"Get the gate, Jane," Tim said, and she pulled it open. "Now, one, two, three: HOIST!" Together the boys lifted the basket containing the baby from the wagon. They carried it to the sagging, dusty porch of the mansion and left it there.
The Willoughbys walked home.
"What did you add to the note at the end, Tim?" Barnaby A asked.
"Another P.S."
"What did it say, Tim?" asked Barnaby B.
"It said, 'Her name is Ruth.'"
Jane pouted. "Why?" she asked.
"Because," Tim said with a sly smile, "we are the ruthless Willoughbys."
2. A Parental Conspiracy
Mr. and Mrs. Willoughby were seated in front of the fireplace after dinner. He was reading a newspaper, and she was knitting something out of beige wool.
The four children, in flannel pajamas, entered the room.
"I'm making the cat a sweater," Mrs. Willoughby told them, holding up the knitting, in which one small, thin sleeve had already been formed.
"I was hoping maybe you were making a second sweater for me and B," Barnaby A said. "It's difficult taking turns with a sweater."
"I've explained and explained," their mother said in exasperation. "A, you wear it on Monday, Wednesday, and Friday. B, you have Tuesday, Thursday, Saturday. On Sunday you can fight over it."
She turned to her husband. "It's disgusting," she said, "the way children today all want their own sweaters." She knit a few more stitches industriously.
"Children?" Mr. Willoughby said in an impatient voice, putting his newspaper down. "Did you want something?"
"We were hoping that perhaps you would read us a story," Tim said. "Parents in books always read stories to their children at bedtime."
"I believe the mother usually does that," Mr. Willoughby said, looking toward his wife.
"I'm busy," Mrs. Willoughby said. "The cat needs a sweater." Hastily she knit another stitch.
Mr. Willoughby scowled. "Hand me a book," he said.
Tim went to the bookcase and began fingering the volumes that were lined on the shelf. "Make it fast," his father said. "I'm in the middle of an article about interest rates."
Quickly Tim handed him a volume of fairy tales. His father opened it in the middle as the children arranged themselves in a semicircle by his feet. They looked like a painting on a Christmas card. "God bless us, every one!" murmured Barnaby A, but Tim poked him. Mr. Willoughby began to read aloud.
Hard by a great forest dwelt a poor woodcutter with his wife and his two children. The boy was called Hansel and the girl Gretel. He had little to bite and to break, and once when great dearth fell on the land, he could no longer procure even daily bread. Now when he thought over this by night in his bed, and tossed about in his anxiety, he groaned and said to his wife: "What is to become of us? How are we to feed our poor children, when we no longer have anything even for ourselves?" "I'll tell you what, husband," answered the woman. "Early tomorrow morning we will take the children out into the forest to where it is the thickest; there we will light a fire for them, and give each of them one more piece of bread, and then we will go to our work and leave them alone. They will not find the way home again, and we shall be rid of them.
"
Jane's lower lip trembled and she gave a small sob. Barnaby A and Barnaby B looked very nervous.
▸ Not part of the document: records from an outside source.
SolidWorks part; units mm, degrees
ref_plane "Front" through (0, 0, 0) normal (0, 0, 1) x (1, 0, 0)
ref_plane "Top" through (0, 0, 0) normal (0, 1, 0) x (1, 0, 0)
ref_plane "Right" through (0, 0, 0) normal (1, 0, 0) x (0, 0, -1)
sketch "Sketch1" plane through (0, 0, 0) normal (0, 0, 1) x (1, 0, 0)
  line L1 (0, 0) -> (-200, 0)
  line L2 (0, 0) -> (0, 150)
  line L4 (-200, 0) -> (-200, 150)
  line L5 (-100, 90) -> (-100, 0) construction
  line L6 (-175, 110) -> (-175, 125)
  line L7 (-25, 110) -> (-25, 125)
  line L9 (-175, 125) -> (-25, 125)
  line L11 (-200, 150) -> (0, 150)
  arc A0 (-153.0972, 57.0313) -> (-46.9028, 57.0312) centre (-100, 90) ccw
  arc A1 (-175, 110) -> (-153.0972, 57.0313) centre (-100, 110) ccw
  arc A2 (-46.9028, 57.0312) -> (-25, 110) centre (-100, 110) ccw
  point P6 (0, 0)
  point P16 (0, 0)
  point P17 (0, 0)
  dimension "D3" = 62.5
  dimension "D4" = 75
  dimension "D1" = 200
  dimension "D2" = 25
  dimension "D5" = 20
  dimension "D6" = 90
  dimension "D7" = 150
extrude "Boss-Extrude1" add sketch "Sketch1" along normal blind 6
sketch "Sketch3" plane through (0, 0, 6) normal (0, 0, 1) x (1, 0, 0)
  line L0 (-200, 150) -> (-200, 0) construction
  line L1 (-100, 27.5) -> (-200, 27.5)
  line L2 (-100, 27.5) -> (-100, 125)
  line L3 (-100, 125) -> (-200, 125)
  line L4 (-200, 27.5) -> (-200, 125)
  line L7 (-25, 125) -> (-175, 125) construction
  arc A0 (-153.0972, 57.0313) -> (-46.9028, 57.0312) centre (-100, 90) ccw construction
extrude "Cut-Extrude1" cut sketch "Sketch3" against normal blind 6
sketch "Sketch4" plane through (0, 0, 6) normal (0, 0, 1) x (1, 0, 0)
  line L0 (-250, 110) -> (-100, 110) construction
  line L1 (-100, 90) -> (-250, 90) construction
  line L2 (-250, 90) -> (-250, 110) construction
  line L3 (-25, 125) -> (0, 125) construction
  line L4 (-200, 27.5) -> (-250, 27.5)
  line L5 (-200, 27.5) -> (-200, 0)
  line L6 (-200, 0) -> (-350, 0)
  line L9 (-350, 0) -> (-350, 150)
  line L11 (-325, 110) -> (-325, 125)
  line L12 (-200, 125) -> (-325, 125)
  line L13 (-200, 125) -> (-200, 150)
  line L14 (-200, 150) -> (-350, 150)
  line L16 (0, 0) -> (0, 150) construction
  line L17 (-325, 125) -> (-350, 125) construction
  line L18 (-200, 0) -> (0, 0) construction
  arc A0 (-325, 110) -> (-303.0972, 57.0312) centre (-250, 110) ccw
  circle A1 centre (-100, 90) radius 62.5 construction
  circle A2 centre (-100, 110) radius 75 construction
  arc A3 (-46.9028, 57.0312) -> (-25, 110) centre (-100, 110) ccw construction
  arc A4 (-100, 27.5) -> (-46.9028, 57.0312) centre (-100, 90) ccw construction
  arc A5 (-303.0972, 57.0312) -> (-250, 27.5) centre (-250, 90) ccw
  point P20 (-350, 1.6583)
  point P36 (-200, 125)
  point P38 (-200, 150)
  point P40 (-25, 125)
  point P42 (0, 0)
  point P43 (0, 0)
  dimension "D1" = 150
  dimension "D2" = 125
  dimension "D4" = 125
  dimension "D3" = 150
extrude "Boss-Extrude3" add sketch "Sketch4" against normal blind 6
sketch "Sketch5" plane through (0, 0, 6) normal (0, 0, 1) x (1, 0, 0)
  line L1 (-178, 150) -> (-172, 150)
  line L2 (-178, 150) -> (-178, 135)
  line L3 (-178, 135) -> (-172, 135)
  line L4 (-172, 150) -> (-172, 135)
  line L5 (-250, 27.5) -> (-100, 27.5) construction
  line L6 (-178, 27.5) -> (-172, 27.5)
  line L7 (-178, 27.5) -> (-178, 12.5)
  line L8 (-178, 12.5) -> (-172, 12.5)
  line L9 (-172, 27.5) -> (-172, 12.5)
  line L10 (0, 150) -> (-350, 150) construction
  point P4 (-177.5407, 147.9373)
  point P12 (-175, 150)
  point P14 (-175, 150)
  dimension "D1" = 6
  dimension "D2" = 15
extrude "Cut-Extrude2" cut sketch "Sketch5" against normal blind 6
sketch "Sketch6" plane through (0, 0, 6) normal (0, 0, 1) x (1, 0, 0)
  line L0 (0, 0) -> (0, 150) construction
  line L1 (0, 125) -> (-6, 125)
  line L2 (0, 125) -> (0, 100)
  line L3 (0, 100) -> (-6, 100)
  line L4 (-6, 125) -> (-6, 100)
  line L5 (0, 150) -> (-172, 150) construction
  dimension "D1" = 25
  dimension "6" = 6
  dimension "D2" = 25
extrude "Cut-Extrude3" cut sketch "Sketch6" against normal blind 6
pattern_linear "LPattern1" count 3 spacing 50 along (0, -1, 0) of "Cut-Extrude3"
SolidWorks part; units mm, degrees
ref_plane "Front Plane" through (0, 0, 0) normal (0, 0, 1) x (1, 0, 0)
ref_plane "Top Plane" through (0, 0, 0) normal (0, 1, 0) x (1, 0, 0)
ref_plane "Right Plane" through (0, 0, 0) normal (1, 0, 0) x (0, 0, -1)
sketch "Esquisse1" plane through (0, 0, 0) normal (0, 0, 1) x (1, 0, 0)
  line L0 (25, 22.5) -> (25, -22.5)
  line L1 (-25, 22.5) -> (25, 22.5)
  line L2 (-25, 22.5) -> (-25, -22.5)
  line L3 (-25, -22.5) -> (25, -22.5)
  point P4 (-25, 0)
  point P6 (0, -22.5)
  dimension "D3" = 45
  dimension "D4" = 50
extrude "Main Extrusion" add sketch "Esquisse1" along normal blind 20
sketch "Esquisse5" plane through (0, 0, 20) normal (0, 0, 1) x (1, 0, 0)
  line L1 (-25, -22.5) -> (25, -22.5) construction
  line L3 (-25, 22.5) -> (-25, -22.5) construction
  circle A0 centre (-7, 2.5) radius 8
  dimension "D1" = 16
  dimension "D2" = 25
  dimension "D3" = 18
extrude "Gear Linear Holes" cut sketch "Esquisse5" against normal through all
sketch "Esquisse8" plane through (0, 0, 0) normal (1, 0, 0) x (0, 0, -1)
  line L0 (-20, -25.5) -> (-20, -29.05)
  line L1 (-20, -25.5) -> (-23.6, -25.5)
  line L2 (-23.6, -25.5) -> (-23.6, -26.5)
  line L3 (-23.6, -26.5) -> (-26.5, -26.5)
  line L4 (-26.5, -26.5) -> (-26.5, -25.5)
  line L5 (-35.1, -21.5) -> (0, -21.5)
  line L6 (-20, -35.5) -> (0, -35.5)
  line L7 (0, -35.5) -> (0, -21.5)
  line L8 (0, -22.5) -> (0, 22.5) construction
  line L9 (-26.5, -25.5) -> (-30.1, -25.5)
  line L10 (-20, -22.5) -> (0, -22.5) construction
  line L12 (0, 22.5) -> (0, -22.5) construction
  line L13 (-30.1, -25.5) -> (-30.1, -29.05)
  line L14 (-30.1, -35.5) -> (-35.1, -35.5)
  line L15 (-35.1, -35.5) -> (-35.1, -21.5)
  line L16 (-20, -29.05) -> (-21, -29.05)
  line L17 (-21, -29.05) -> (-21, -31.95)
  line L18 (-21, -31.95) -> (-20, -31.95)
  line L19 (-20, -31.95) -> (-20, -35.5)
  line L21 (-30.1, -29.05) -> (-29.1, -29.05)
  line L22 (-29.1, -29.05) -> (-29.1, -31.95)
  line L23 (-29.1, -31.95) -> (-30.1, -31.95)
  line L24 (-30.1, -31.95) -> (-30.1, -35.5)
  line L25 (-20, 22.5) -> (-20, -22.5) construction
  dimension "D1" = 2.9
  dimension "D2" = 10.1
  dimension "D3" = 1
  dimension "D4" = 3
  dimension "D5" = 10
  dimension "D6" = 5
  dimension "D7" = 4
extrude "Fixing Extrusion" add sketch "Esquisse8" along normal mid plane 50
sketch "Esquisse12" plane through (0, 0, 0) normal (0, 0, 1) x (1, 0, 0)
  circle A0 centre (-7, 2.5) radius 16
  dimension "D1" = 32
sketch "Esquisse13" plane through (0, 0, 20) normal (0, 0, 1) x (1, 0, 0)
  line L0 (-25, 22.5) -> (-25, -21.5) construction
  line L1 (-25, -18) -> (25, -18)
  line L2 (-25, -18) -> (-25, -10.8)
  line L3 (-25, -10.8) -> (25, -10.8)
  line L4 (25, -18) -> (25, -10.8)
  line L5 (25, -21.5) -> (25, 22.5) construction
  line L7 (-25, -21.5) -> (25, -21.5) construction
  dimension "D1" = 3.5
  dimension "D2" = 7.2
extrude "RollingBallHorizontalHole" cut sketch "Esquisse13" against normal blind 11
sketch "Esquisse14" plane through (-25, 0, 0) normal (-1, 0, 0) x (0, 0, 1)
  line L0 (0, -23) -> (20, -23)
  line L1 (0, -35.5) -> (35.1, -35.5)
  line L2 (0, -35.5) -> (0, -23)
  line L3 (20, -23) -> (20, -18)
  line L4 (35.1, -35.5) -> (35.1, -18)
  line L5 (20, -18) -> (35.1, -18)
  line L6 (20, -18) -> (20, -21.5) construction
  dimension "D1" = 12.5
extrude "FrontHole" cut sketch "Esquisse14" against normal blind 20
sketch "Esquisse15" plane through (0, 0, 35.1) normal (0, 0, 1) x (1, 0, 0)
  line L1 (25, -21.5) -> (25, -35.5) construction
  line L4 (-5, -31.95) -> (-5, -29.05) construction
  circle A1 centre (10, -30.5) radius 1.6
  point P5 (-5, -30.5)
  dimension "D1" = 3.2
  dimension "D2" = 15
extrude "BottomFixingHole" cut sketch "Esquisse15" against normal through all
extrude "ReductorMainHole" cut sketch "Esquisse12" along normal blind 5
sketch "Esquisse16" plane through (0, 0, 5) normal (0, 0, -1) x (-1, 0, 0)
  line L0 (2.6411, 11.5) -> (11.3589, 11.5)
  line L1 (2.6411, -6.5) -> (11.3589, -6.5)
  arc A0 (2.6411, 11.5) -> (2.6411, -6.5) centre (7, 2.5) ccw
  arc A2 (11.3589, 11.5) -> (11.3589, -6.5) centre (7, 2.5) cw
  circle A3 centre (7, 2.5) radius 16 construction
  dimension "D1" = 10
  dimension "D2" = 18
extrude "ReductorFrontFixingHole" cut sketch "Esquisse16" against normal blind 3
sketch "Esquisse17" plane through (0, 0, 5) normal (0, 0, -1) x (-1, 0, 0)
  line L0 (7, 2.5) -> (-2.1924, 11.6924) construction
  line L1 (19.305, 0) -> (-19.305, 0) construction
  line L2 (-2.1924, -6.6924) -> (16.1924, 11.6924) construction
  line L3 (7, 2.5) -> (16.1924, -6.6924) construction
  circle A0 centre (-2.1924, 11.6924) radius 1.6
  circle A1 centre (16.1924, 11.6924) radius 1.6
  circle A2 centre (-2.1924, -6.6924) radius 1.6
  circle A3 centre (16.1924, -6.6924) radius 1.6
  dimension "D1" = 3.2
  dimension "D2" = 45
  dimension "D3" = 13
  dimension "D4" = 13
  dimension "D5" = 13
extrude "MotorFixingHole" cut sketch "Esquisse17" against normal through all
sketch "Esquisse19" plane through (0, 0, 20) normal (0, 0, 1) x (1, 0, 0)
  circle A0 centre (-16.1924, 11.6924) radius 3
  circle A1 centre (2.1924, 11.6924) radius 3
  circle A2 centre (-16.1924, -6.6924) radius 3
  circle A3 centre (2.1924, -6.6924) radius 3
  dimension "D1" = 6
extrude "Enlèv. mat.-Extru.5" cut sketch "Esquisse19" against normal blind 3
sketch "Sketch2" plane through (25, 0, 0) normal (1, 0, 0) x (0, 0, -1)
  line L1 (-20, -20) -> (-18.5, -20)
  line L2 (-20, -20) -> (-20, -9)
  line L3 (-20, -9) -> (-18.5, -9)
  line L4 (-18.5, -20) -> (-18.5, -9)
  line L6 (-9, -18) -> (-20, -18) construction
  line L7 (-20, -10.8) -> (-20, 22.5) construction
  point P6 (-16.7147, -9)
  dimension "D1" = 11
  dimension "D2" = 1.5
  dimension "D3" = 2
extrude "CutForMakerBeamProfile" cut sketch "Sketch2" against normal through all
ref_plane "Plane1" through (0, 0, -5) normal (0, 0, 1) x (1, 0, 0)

Tim scowled.
"The end," said their father, closing the book with a snap. "Bedtime"
Silently, though Jane was still sniffling, the children scurried away and up the staircase to bed. Mrs. Willoughby turned to her needles and began a new row of stitches. Mr. Willoughby picked up his newspaper but did not begin reading again. Instead, he stared into space for a moment. Then he said, "Dearest?"
"Yes, dearest?"
"I need to ask you a question." He chewed his lip briefly.
"Yes, dearest?"
"Do you like our children?"
"Oh, no," Mrs. Willoughby said, using her gold-plated scissors to snip off a bit of yarn that had made a snarl. "I never have. Especially that tall one. What is his name again?"
"Timothy Anthony Malachy Willoughby."
"Yes, him. He's the one I least like. But the others are awful, too. The girl whines incessantly, and two days ago she tried to make me adopt a beastly infant."
Her husband shuddered.
"And then there are the two that I can't tell apart," Mrs. Willoughby went on. "The ones with the sweater."
"The twins."
"Yes, them. Why on earth do they look so much alike? It confuses people and isn't fair."
"I have a plan," Mr. Willoughby said, putting his paper down. He stroked one eyebrow in a satisfied way. "It's thoroughly despicable."
"Lovely," said his wife. "A plan for what?"
"To rid us of the children."
"Oh goodness, do we have to walk them into a dark forest? I don't have the right shoes for that."
"No, this is a better plan. More businesslike."
"Oooh, goody. I'm all ears," she replied with a malevolent smile, as she meticulously dropped a few stitches to make a hole for the cat's tail.
3. Contemplating Orphanhood
"Shouldn't we be orphans?" Barnaby B asked.
The Willoughby children were seated on the front steps playing a complicated game to which only Tim knew the rules.